Coventry (vibra)cathedral

Saturday nite’s alright for droning and throttling, says Martin Longley.

Vibracathedral Orchestra/Death Shanties
The Tin, Coventry

Another Saturday nite, another uncompromisingly alternative evening at The Tin, Coventry’s ever-imaginative den, nestled in the Canal Basin, situated just outside the city’s ring-road.

It’s part of a regular gig-series called Lady Godiva’s Operation, pulling together references to The Velvet Underground’s 1968 toon and Coventry’s own historical naked noble. These sessions are assembled by drummer Alex Neilson, who also opened the proceedings with his own Death Shanties, a Glasgow duo grouping with saxophonist Sybren Renema.

Setting up in all-acoustic mode, in front of the actual stage, this pair were louder than most amplified combos, mostly set to 11 on the throttle-dial.
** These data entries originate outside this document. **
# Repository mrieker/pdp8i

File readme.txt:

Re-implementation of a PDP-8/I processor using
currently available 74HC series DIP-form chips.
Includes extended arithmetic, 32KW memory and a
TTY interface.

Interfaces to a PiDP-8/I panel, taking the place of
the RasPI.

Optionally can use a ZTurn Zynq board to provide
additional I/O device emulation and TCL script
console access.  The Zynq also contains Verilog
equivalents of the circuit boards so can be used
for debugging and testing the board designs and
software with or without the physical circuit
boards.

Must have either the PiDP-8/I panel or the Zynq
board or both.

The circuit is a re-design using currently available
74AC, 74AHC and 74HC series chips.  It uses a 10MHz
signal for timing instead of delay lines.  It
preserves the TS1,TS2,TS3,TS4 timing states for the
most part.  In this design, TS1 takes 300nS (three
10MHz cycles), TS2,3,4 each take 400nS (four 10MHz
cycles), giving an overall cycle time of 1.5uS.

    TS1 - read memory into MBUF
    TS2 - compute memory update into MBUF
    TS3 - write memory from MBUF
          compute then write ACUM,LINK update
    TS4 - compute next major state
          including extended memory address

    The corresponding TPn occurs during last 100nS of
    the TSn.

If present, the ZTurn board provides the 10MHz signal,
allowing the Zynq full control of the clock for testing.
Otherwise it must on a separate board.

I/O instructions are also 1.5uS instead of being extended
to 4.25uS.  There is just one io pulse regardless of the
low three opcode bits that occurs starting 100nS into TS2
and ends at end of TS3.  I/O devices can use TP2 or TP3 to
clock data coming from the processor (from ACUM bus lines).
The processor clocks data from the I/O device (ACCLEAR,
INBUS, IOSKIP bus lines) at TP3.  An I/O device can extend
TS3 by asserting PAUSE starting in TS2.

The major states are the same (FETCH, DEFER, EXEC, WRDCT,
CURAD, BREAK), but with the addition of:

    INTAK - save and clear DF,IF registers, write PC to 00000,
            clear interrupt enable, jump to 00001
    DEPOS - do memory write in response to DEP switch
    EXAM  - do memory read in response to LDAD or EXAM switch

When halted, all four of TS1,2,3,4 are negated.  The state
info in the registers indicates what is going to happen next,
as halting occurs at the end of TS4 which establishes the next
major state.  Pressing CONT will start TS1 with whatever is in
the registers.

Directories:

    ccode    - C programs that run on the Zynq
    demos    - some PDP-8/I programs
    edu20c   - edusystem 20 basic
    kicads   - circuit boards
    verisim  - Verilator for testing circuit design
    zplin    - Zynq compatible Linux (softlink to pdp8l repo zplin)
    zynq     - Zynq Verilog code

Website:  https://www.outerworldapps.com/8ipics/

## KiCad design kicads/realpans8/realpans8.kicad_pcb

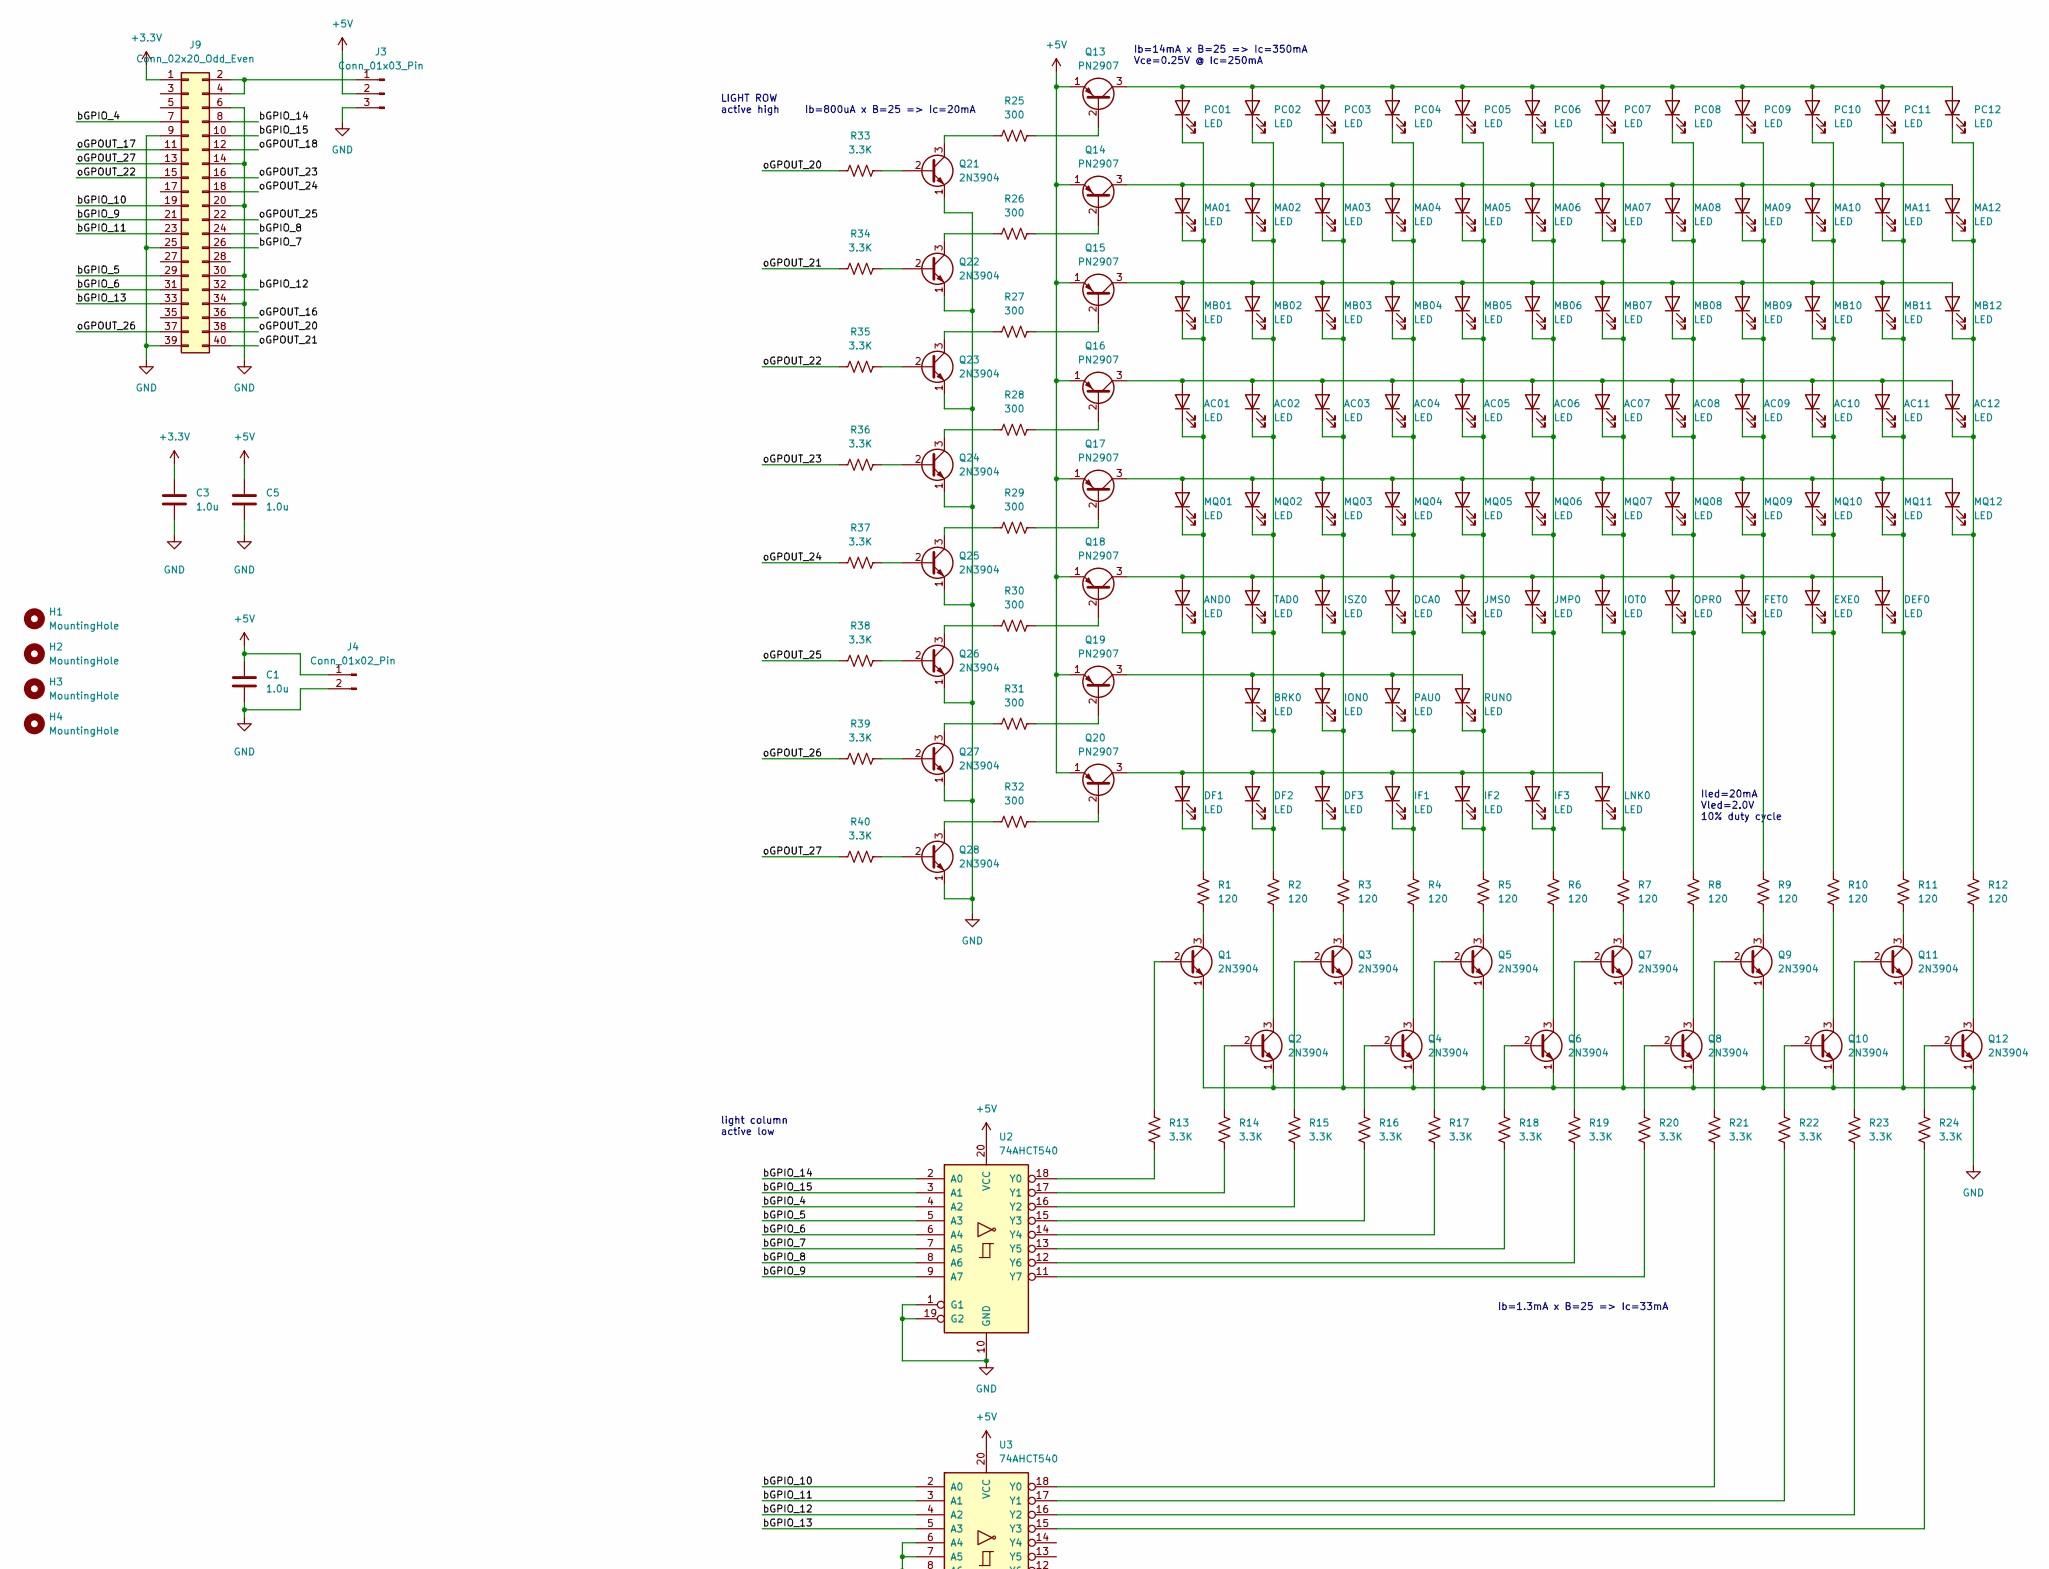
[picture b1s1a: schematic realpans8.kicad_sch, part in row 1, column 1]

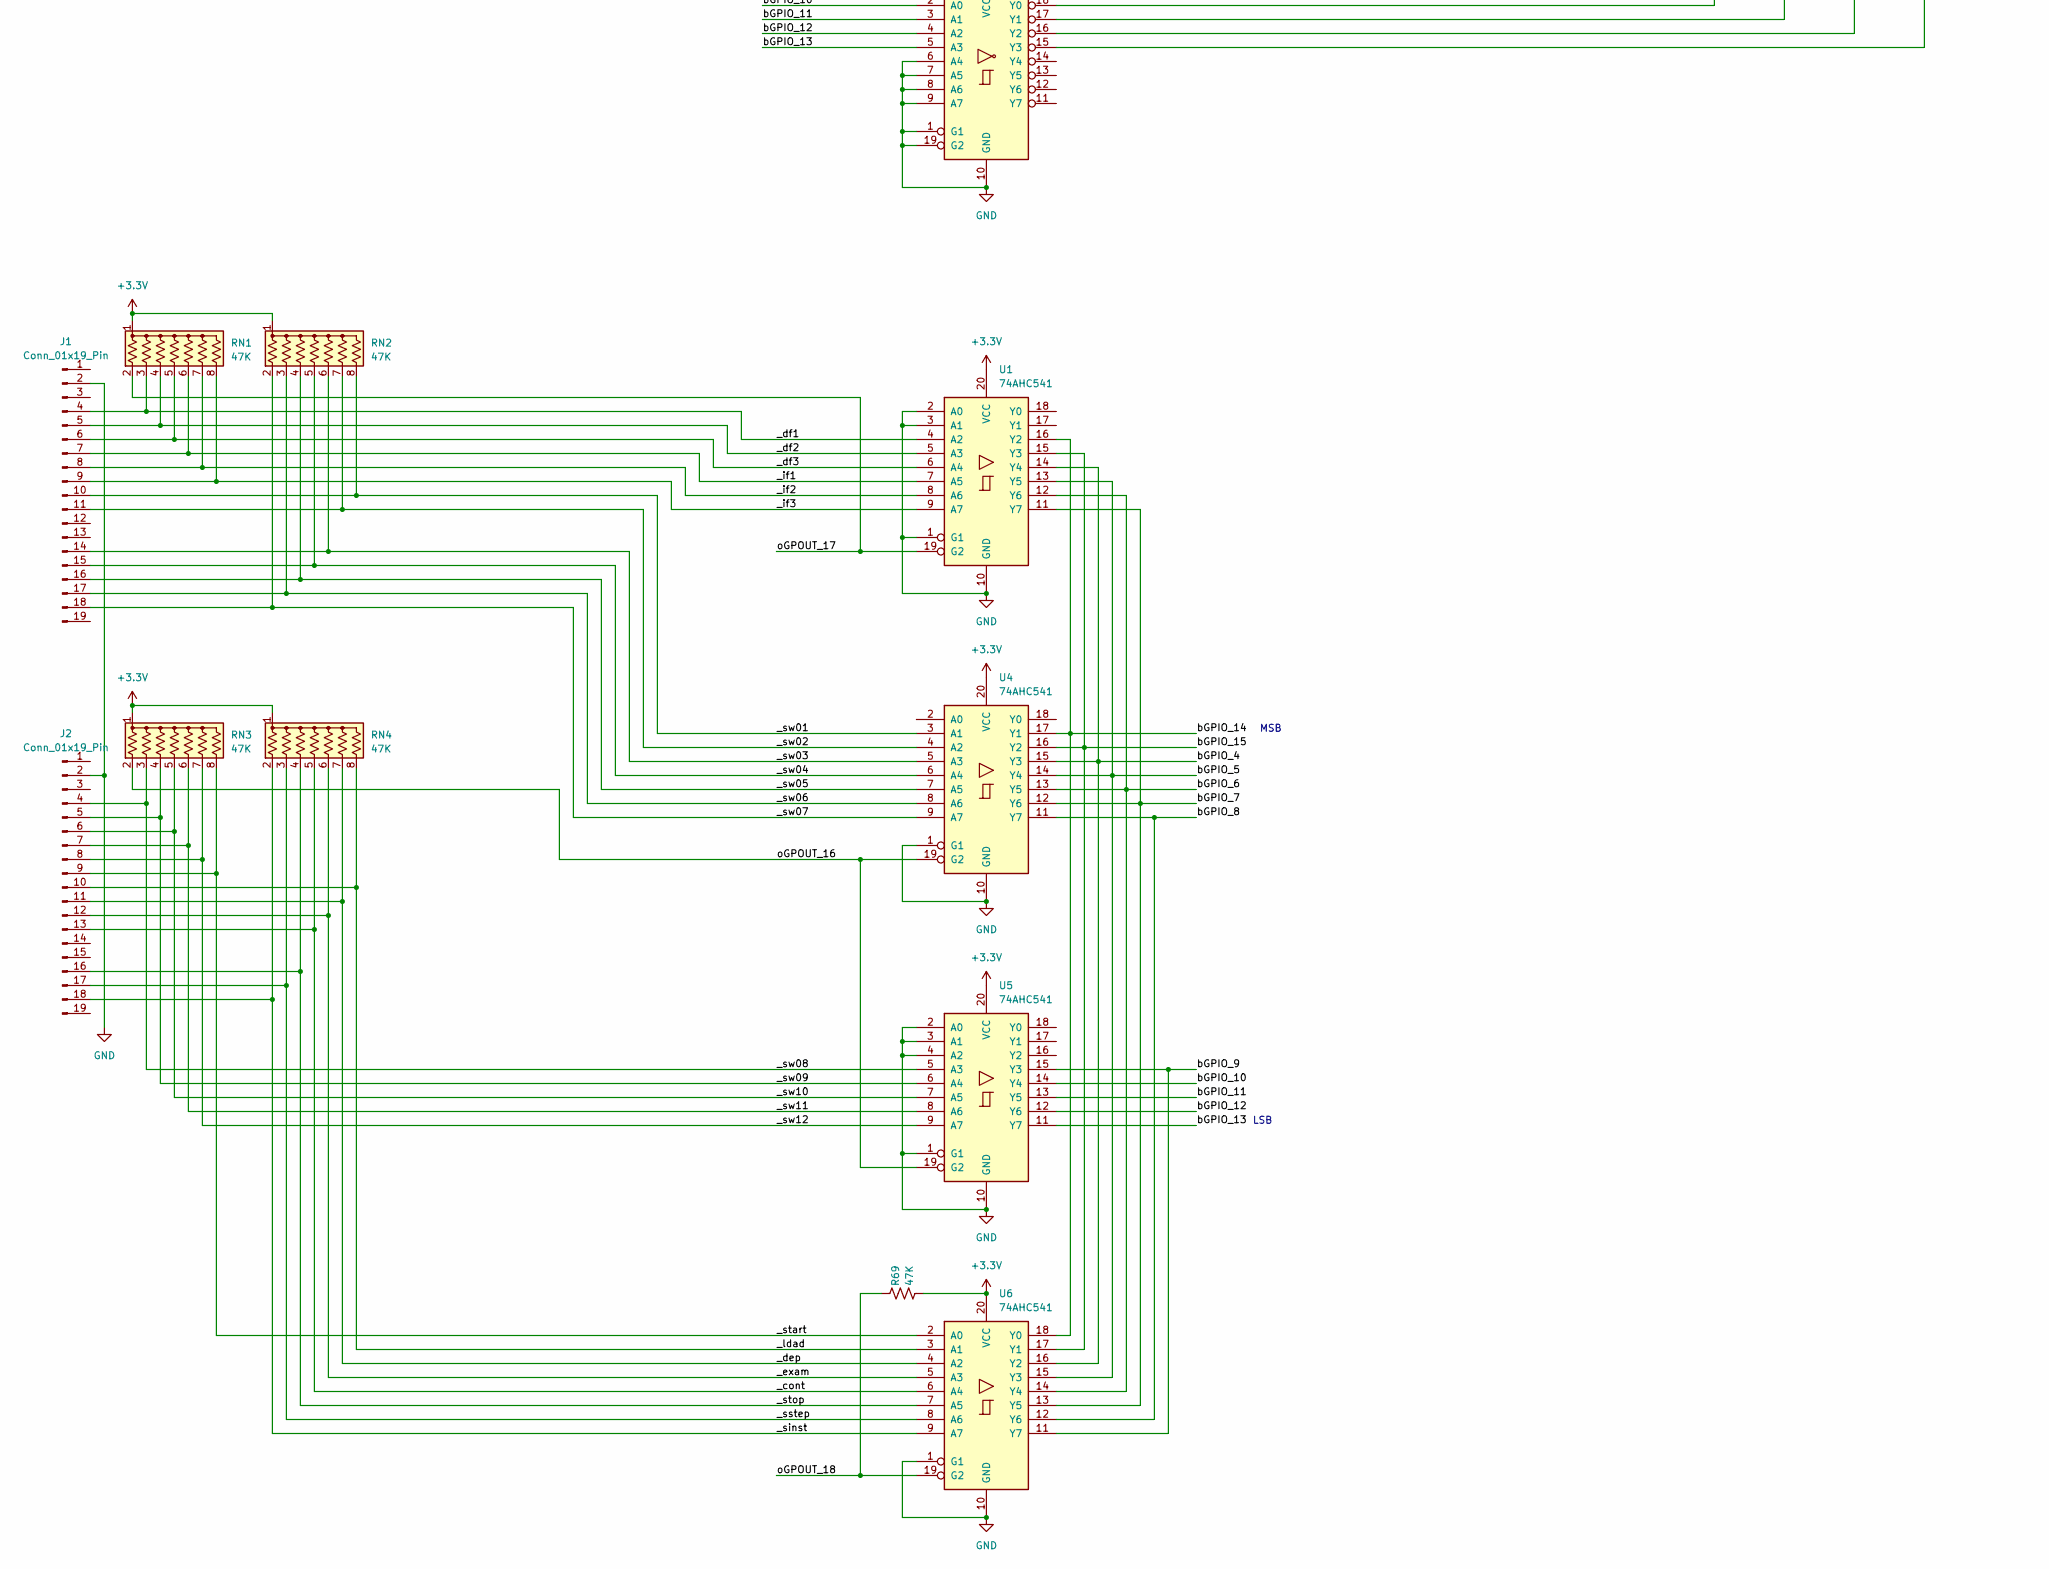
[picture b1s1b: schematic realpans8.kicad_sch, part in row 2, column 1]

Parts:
AC01, AC02, AC03, AC04, AC05, AC06, AC07, AC08, AC09, AC10, AC11, AC12: LED; LED_D5.0mm
AND0: LED; LED_D5.0mm
BRK0: LED; LED_D5.0mm
C1, C3, C5: 1.0u; R_Axial_DIN0207_L6.3mm_D2.5mm_P7.62mm_Horizontal
DCA0: LED; LED_D5.0mm
DEF0: LED; LED_D5.0mm
DF1, DF2, DF3: LED; LED_D5.0mm
EXE0: LED; LED_D5.0mm
FET0: LED; LED_D5.0mm
H1, H2, H3, H4: MountingHole; MountingHole_4.5mm
IF1, IF2, IF3: LED; LED_D5.0mm
ION0: LED; LED_D5.0mm
IOT0: LED; LED_D5.0mm
ISZ0: LED; LED_D5.0mm
J1, J2: Conn_01x19_Pin; PinHeader_1x19_P2.54mm_Vertical
J3: Conn_01x03_Pin; PinHeader_1x03_P2.54mm_Vertical
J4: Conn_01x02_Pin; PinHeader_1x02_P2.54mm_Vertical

It was more of a throttling of throats than an engine-rev. The dominant character was violent free jazz, with Renema most frightening on his baritone horn, but still highly worrying on alto.

Cheeks puffed to Dizzy extent, he circular-gulped vast stores of air to fuel ragged blasts of abstract gristle-gobbets. Neilson was more varied, storming with full volume-power, but also balancing multiple accents and tones as he danced around his skins. Renema anticipated a changeover from alto to baritone, kneeling with his bigger horn balanced on the floor, at the ready, teasing the gathering as he telegraphed a swift re-planting of his lips.

It looked for a moment like he was going to blow both at once, Roland Kirk-style. Neilson called out a high vocal moan, almost embracing that of the saxophone, before inserting a small plastic birdcall pipe, chirping for a space, drooling, then hurling it at the front table-rows.

Death Shanties played for 35 minutes, and cleared the air to maximum extent. After the set, your scribe overheard Neilson telling a couple of punters how he wraps his baritone in his underwear, then shoves it in his rucksack for the journey home, and could he leave it lying on the table next to theirs, until gig’s end.

Vibracathedral Orchestra are heading towards their twentieth anniversary, a Leeds collective with their minds set on the heart of the shamanic drone. In this case, they were a quintet, with guitars being the most popular instrument, although multi-instrumentalism was looming, with additional attention given to percussion, electronics, vocal effects and the odd appearance of violin.

The identities of the players are difficult to nail down, but founder kingpin Michael Flower was to the rear, mostly thrumming laid-flat strings or conventional guitar. Neil Campbell was also present, the only player without a guitar, rummaging around with his collection of wiry electronics boxes, rattling goblet drum and throwing stadium rock poses whilst strafing his violin to ear-chafing ends.

As perhaps expected, their extended piece unfolded with layers of steady texture, ritualistically inclined, and building to a resounding peak around halfway, as the frontal multi-instrumentalist picked up his guitar and started to shape a purposeful riff which imparted a transfixing momentum. This was the point where the other players were simultaneously fuelled, and the inherent factors connected. Suddenly, all the energies were released.